Gary D Wu, Jun Chen, Christian Hoffmann, Kyle Bittinger, Ying-Yu Chen, Sue A Keilbaugh, Meenakshi Bewtra, Dan Knights, William A Walters, Rob Knight, Rohini Sinha, Erin Gilroy, Kernika Gupta, Robert Baldassano, Lisa Nessel, Hongzhe Li, Frederic D Bushman, James D Lewis, Gary D Wu, Jun Chen, Christian Hoffmann, Kyle Bittinger, Ying-Yu Chen, Sue A Keilbaugh, Meenakshi Bewtra, Dan Knights, William A Walters, Rob Knight, Rohini Sinha, Erin Gilroy, Kernika Gupta, Robert Baldassano, Lisa Nessel, Hongzhe Li, Frederic D Bushman, James D Lewis

Abstract

Diet strongly affects human health, partly by modulating gut microbiome composition. We used diet inventories and 16S rDNA sequencing to characterize fecal samples from 98 individuals. Fecal communities clustered into enterotypes distinguished primarily by levels of Bacteroides and Prevotella. Enterotypes were strongly associated with long-term diets, particularly protein and animal fat (Bacteroides) versus carbohydrates (Prevotella). A controlled-feeding study of 10 subjects showed that microbiome composition changed detectably within 24 hours of initiating a high-fat/low-fiber or low-fat/high-fiber diet, but that enterotype identity remained stable during the 10-day study. Thus, alternative enterotype states are associated with long-term diet.

Figures

Fig. 1
Fig. 1
Correlation of diet and gut microbial taxa identified in the cross-sectional COMBO analysis. Columns correspond to bacterial taxa quantified using 16S rDNA tags; rows correspond to nutrients measured by dietary questionnaire. Red and blue denote positive and negative association, respectively. The intensity of the colors represents the degree of association between the taxa abundances and nutrients as measured by the Spearman's correlations. Bacterial phyla are summarized by the color code on the bottom; lower-level taxonomic assignments specified are in fig. S1. The dots indicate the associations that are significant at an FDR of 25%. The FFQ data were used for this comparison (both FFQ and Recall dietary data are shown together in fig. S1). Columns and rows are clustered by Euclidean distance, with rows separated by the predominant nutrient category.
Fig. 2
Fig. 2
Clustering of gut microbial taxa into entero-types is associated with long-term diet. (A) Clustering in the COMBO cross-sectional study using Jensen-Shannon distance. The left panel shows that the data are most naturally separated into two clusters by the PAM method.
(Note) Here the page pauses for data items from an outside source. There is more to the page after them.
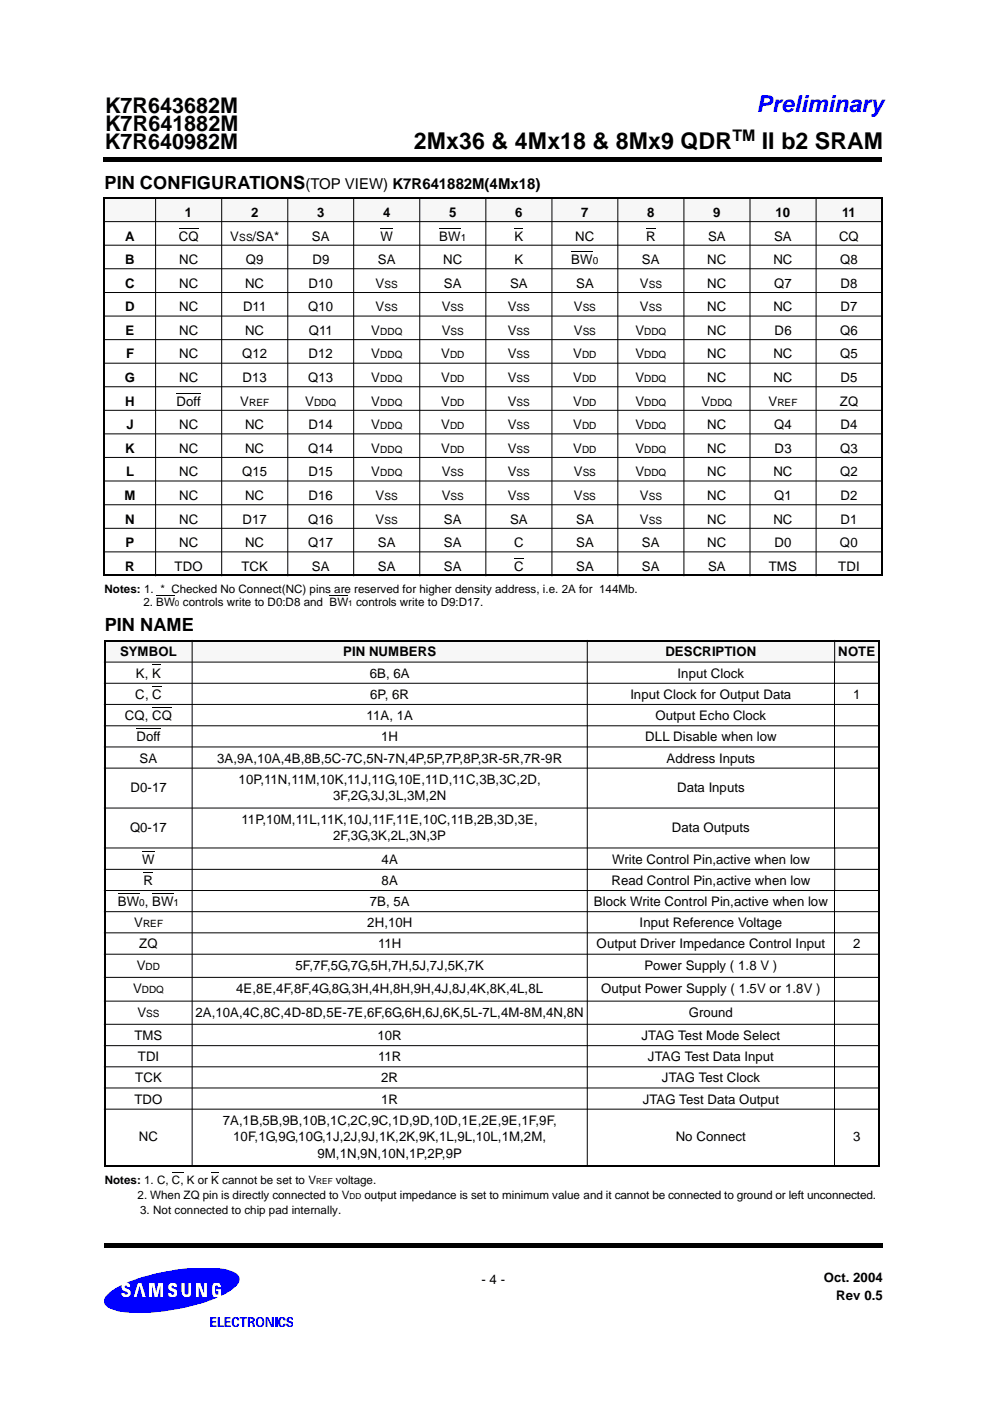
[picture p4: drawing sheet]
<svg xmlns="http://www.w3.org/2000/svg" width="210mm" height="297mm" viewBox="0 0 210 297" stroke-linecap="round" stroke-linejoin="round" font-family="sans-serif">
<g fill="none" stroke="#fff" stroke-width=".21">
<path d="M22 19.4v2.8M187 19.4v2.8M22 25.8v5.6M22.1 36.9h2.8M24.8 34.1h-2.8v229.4h2.8M26.9 36.8v2.8M28.4 34.1h5.6M28.4 36.9h5.6M37.1 36.8v2.8M37.5 34.1h5.7M37.6 36.9h5.6M46.7 34.1h5.6"/>
<path d="M46.8 36.9h5.5M55.9 34.1h5.6M55.9 36.9h5.6M65 34.1h5.7M65 36.9h5.6M74.2 34.1h5.6M74.2 36.9h5.6M83.4 34.1h5.6M83.4 36.9h5.6M92.5 34.1h5.6M92.5 36.9h5.6M101.1 34.4v2.8"/>
<path d="M101.7 36.9h5.5M101.7 34.1h5.6M104.5 34.4v2.8M107.8 34.4v2.8M110.8 36.9h5.6M110.8 34.1h5.7M120 36.9h5.6M120 34.1h5.7M129.1 36.9h5.6M129.2 34.1h5.6M138.3 36.9h5.6M138.4 34.1h5.6"/>
<path d="M147.4 36.9h5.6M147.5 34.1h5.6M156.6 36.9h5.6M156.7 34.1h5.6M165.7 36.9h5.6M165.8 34.1h5.7M174.9 36.9h5.6M175 34.1h5.7M184 36.9h2.9M184.2 34.1h2.8v94.6M187 25.8v5.7M26.9 43.3v5.6"/>
<path d="M26.9 52.6v5.7M37.1 43.3v5.6M37.1 52.6v5.7M101.1 40.7v5.6M101.1 49.9v5.6M101.1 59.1v5.5M104.5 40.7v5.6M104.5 49.9v5.6M104.5 59.1v5.5M107.8 40.7v5.6M107.8 49.9v5.6M107.8 59.1v5.5"/>
<path d="M26.9 61.9v5.7M26.9 71.2v5.7M37.1 61.9v5.7M37.1 71.2v5.7M101.1 68.2v5.6M101.1 77.4v5.6M104.5 68.2v5.6M104.5 77.4v5.6M107.8 68.2v5.6M107.8 77.4v5.6M26.9 80.5v5.7M26.9 89.8v5.7"/>
<path d="M26.9 99.1v5.7M37.1 80.5v5.7M37.1 89.8v5.7M37.1 99.1v5.7M101.1 86.5v5.7M101.1 95.7v5.6M104.5 86.5v5.7M104.5 95.7v5.6M107.8 86.5v5.7M107.8 95.7v5.6M26.9 108.4v5.7M26.9 117.7v5.7"/>
<path d="M37.1 108.4v5.7M37.1 117.7v5.7M101.1 104.9v5.6M101.1 114v5.6M104.5 104.9v5.6M104.5 114v5.6M107.8 104.9v5.6M107.8 114v5.6M26.9 127v5.7M26.9 136.4v5.6M37.1 127v5.7M37.1 136.4v5.6"/>
<path d="M101.1 123.2v5.6M101.1 132.4v5.6M104.5 123.2v5.6M104.5 132.4v5.6M107.8 123.2v5.6M107.8 132.4v5.6M187 128.9v9M187 138.3v8.7M26.9 145.6v5.7M26.9 154.9v5.8M37.1 145.6v5.7M37.1 154.9v5.8"/>
<path d="M101.1 141.5v5.6M101.1 150.7v5.6M101.1 159.9v5.5M104.5 141.5v5.6M104.5 150.7v5.6M104.5 159.9v5.5M107.8 141.5v5.6M107.8 150.7v5.6M107.8 159.9v5.5M187 147.7v8.5M187 157.1v8.3M26.9 164.3v5.7"/>
<path d="M26.9 173.6v5.7M37.1 164.3v5.7M37.1 173.6v5.7M101.1 169v5.6M101.1 178.2v5.6M104.5 169v5.6M104.5 178.2v5.6M107.8 169v5.6M107.8 178.2v5.6M187 166.5v8.1M187 175.8v7.9M26.9 182.9v5.7"/>
<path d="M26.9 192.2v5.7M37.1 182.9v5.7M37.1 192.2v5.7M101.1 187.3v5.7M101.1 196.5v5.6M104.5 187.3v5.7M104.5 196.5v5.6M107.8 187.3v5.7M107.8 196.5v5.6M187 185.2v7.7M187 194.6v7.5M26.9 201.5v5.7"/>
<path d="M26.9 210.8v5.7M37.1 201.5v5.7M37.1 210.8v5.7M101.1 205.7v5.6M101.1 214.8v5.6M104.5 205.7v5.6M104.5 214.8v5.6M107.8 205.7v5.6M107.8 214.8v5.6M187 204v7.3M187 213.3v7.1M26.9 220.1v5.7"/>
<path d="M26.9 229.4v5.7M26.9 238.7v5.7M37.1 220.1v5.7M37.1 229.4v5.7M37.1 238.7v5.7M101.1 224v5.6M101.1 233.2v5.6M104.5 224v5.6M104.5 233.2v5.6M107.8 224v5.6M107.8 233.2v5.6M187 222.7v6.9"/>
<path d="M187 232.1v6.7M26.9 248v5.7M26.9 257.3v2.8M37.1 248v5.7M37.1 257.3v2.8M101.1 242.3v5.6M101.1 251.5v5.6M104.5 242.3v5.6M104.5 251.5v5.6M107.8 242.3v5.6M107.8 251.5v5.6M187 241.4v6.6"/>
<path d="M187 250.8v6.3M22 265.8v5.6M22 275v5.7M22 260.5h2.8M28.4 263.5h5.6M28.4 260.5h5.6M37.5 263.5h5.7M37.6 260.5h5.6M46.7 263.5h5.6M46.7 260.5h5.6M55.9 263.5h5.6M55.9 260.5h5.6"/>
<path d="M65 263.5h5.7M65 260.5h5.6M74.2 263.5h5.6M74.2 260.5h5.6M83.4 263.5h5.6M83.4 260.5h5.6M92.5 263.5h5.6M92.6 260.5h5.5M101.1 260.6v2.8M101.7 263.5h5.6M101.7 260.5h5.6M104.5 260.6v2.8"/>
<path d="M107.8 260.6v2.8M110.8 263.5h5.7M110.9 260.5h5.6M120 263.5h5.7M120 260.5h5.6M129.2 263.5h5.6M129.2 260.5h5.6M138.4 263.5h5.6M138.4 260.5h5.5M147.5 263.5h5.6M147.5 260.5h5.6M156.7 263.5h5.6"/>
<path d="M156.7 260.5h5.6M165.8 263.5h5.7M165.8 260.5h5.7M175 263.5h5.7M175 260.5h5.6M184.2 263.5h2.8M184.2 260.5h2.8M187 260.2v5.7M187 269.6v5.7M187 278.9v2.9M22 284.2v2.9"/>
</g>
<path d="M22 33.3h.5v1.1h-.5zM22.5 33.3h164v1.1h-164zM186.5 33.3h.5v1.1h-.5zM22.1 263.4h.5v1.1h-.5zM22.6 263.4h164v1.1h-164zM186.6 263.4h.5v1.1h-.5z" fill="#000"/>
<path d="M22 268.9h40.1v12.4h-40.1z" fill="#fff"/>
<g fill="#00f">
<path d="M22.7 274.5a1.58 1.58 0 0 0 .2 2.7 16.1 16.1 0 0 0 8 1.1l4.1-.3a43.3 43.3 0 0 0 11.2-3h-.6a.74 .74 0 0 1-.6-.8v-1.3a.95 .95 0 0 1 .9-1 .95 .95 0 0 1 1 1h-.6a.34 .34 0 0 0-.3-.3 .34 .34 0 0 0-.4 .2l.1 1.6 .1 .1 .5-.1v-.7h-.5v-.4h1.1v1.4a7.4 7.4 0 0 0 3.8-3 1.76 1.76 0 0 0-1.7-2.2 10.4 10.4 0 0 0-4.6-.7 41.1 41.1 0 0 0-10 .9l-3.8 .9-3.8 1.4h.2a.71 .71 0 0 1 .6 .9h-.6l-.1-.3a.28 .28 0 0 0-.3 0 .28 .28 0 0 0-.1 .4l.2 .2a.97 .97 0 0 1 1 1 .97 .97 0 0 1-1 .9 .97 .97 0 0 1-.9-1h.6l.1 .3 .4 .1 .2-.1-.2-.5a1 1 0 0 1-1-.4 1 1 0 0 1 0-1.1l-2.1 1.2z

The x axis shows cluster number; the y axis shows silhouette width, a measure of cluster separation (12). The right panel shows the clustering on the first two principal components. (B) Proportions of bacterial taxa characteristic of each enterotype. Boxes represent the interquartile range (IQR) and the line inside represents the median. Whiskers denote the lowest and highest values within 1.5 × IQR. (C) The association of dietary components with each enterotype. The strength and direction of each association, as measured by the means of the standardized nutrient measurements, is shown by the color key at the lower right. Enterotype is shown at the right. Red indicates greater amounts, blue lesser amounts of each nutrient in each enterotype (complete lists of nutrients are in table S2). Columns were clustered by Euclidean distance.
Fig. 3
Fig. 3
Changes in bacterial communities during controlled feeding. Ten subjects were randomized to high-fat/low-fiber or low-fat/high-fiber diets, and microbiome composition was monitored longitudinally for 10 days by sequencing 16S rDNA gene tags (CAFE study). (A) Cluster diagram–based principal coordinates analysis using unweighted UniFrac. Colors indicate samples from each individual. (B) Day 1 samples are outliers compared to all other days, indicating change in the gut microbiome within 24 hours of initiating controlled feeding. In this analysis, weighted UniFrac distances between samples are compared within subjects in two groups. The first collection of distances compares the day 1 samples to days 2 to 10; the second group compares samples from all days to all others excluding day 1, indicating rapid change (P = 0.0003, 10,000 permutations). Error bars indicate 1 SD of the distances.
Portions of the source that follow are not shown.